*** Given records Section Begins ***
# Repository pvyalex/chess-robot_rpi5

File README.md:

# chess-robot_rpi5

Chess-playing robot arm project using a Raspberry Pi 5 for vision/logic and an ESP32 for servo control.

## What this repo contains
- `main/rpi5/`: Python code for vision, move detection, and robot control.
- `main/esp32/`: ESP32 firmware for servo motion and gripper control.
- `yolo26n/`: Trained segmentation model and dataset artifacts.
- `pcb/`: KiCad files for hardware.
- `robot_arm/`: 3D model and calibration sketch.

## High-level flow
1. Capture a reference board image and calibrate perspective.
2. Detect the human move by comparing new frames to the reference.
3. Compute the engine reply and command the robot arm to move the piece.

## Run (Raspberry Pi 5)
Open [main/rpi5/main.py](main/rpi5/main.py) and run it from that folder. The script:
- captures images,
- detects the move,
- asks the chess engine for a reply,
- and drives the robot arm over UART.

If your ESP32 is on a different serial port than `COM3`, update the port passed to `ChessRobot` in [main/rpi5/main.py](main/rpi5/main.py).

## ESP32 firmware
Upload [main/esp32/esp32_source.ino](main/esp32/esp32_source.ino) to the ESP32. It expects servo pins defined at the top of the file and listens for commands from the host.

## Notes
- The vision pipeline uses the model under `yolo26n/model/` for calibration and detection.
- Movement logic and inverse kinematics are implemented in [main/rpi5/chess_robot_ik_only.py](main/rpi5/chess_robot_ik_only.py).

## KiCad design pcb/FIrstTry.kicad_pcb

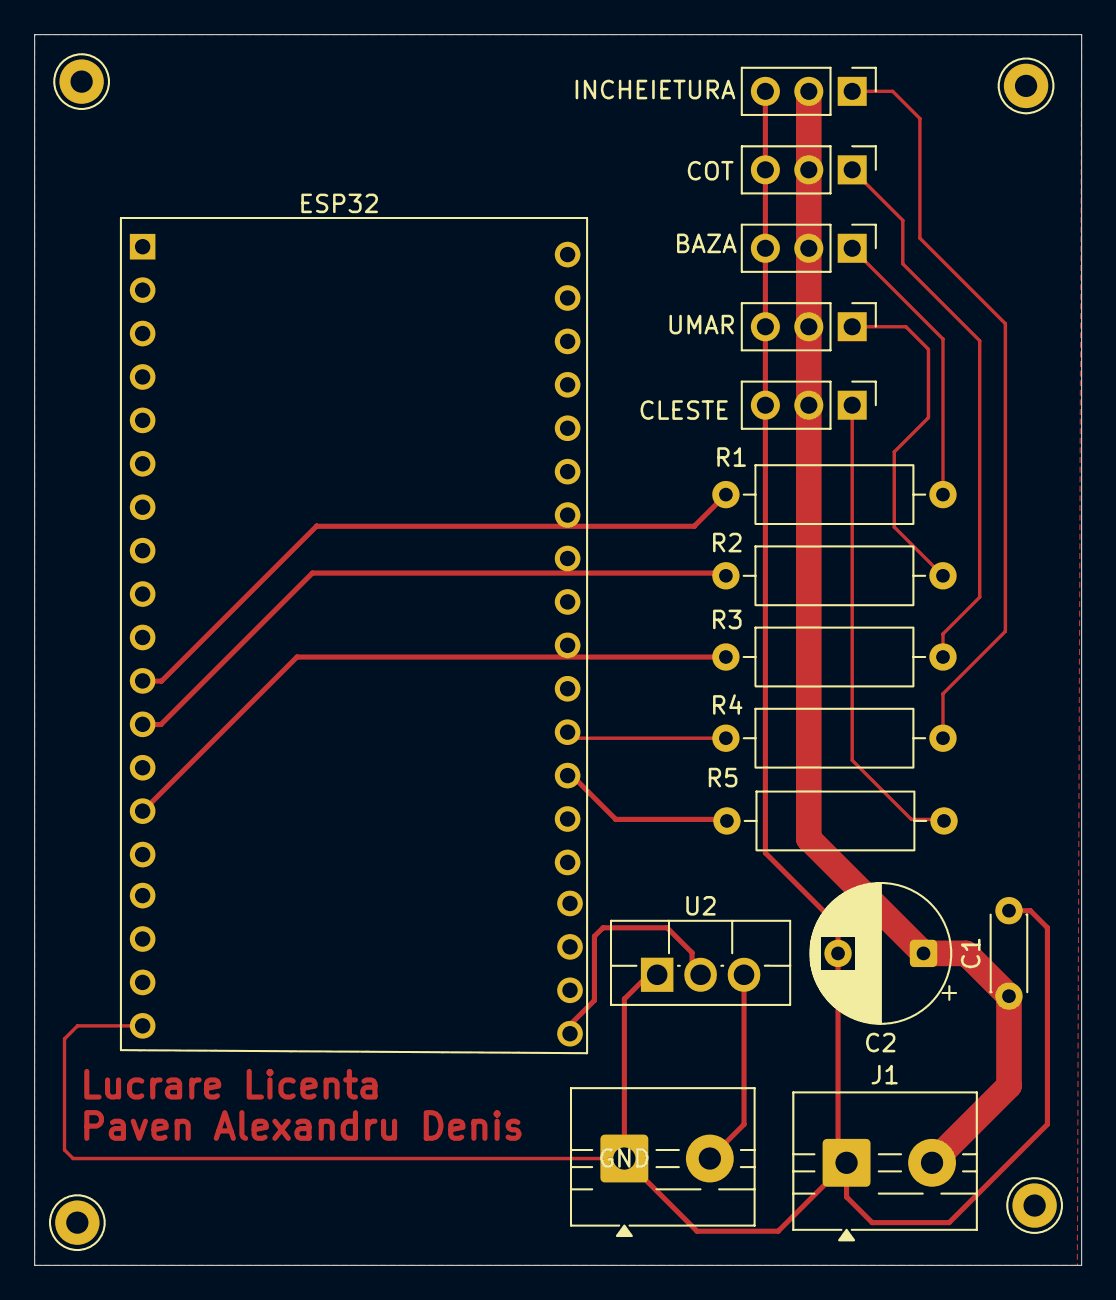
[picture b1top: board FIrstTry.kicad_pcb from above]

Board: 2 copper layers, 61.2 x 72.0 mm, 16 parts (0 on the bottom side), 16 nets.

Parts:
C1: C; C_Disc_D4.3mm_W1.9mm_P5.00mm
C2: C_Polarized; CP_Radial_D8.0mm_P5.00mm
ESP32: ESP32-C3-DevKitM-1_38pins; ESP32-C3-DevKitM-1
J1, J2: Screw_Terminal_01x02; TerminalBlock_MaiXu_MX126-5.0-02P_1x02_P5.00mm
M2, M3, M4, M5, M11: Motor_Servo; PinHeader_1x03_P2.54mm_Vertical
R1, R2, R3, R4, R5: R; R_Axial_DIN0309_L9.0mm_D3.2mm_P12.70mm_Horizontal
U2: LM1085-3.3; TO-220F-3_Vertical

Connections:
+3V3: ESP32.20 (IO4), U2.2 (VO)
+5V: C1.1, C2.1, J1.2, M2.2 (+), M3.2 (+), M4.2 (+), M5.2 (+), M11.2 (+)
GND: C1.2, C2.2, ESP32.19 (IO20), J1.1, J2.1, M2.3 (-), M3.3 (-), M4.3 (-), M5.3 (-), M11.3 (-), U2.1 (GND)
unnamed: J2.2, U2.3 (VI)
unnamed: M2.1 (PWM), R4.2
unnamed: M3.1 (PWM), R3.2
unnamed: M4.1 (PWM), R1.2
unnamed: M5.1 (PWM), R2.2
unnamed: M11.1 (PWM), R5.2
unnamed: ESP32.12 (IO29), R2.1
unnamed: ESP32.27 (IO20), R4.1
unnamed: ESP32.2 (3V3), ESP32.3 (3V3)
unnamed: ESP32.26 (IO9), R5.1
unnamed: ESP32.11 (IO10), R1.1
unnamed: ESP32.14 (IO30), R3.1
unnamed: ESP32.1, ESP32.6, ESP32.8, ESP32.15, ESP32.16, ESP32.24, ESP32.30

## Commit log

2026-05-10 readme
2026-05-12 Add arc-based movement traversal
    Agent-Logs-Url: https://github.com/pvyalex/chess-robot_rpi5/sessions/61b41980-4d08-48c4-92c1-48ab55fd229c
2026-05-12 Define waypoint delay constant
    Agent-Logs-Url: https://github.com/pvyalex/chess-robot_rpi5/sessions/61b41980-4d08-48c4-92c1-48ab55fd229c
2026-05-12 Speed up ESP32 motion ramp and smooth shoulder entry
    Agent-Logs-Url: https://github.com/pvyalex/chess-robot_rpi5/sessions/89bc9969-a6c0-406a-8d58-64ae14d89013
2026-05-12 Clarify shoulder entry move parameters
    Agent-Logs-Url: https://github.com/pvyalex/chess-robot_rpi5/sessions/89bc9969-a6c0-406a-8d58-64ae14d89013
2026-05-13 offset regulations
*** Given records Section Ends ***
__Directions for this task__:
Return every line of the entries above that the string "Raspberry" appears in.

__Expected output__:
Chess-playing robot arm project using a Raspberry Pi 5 for vision/logic and an ESP32 for servo control.
## Run (Raspberry Pi 5)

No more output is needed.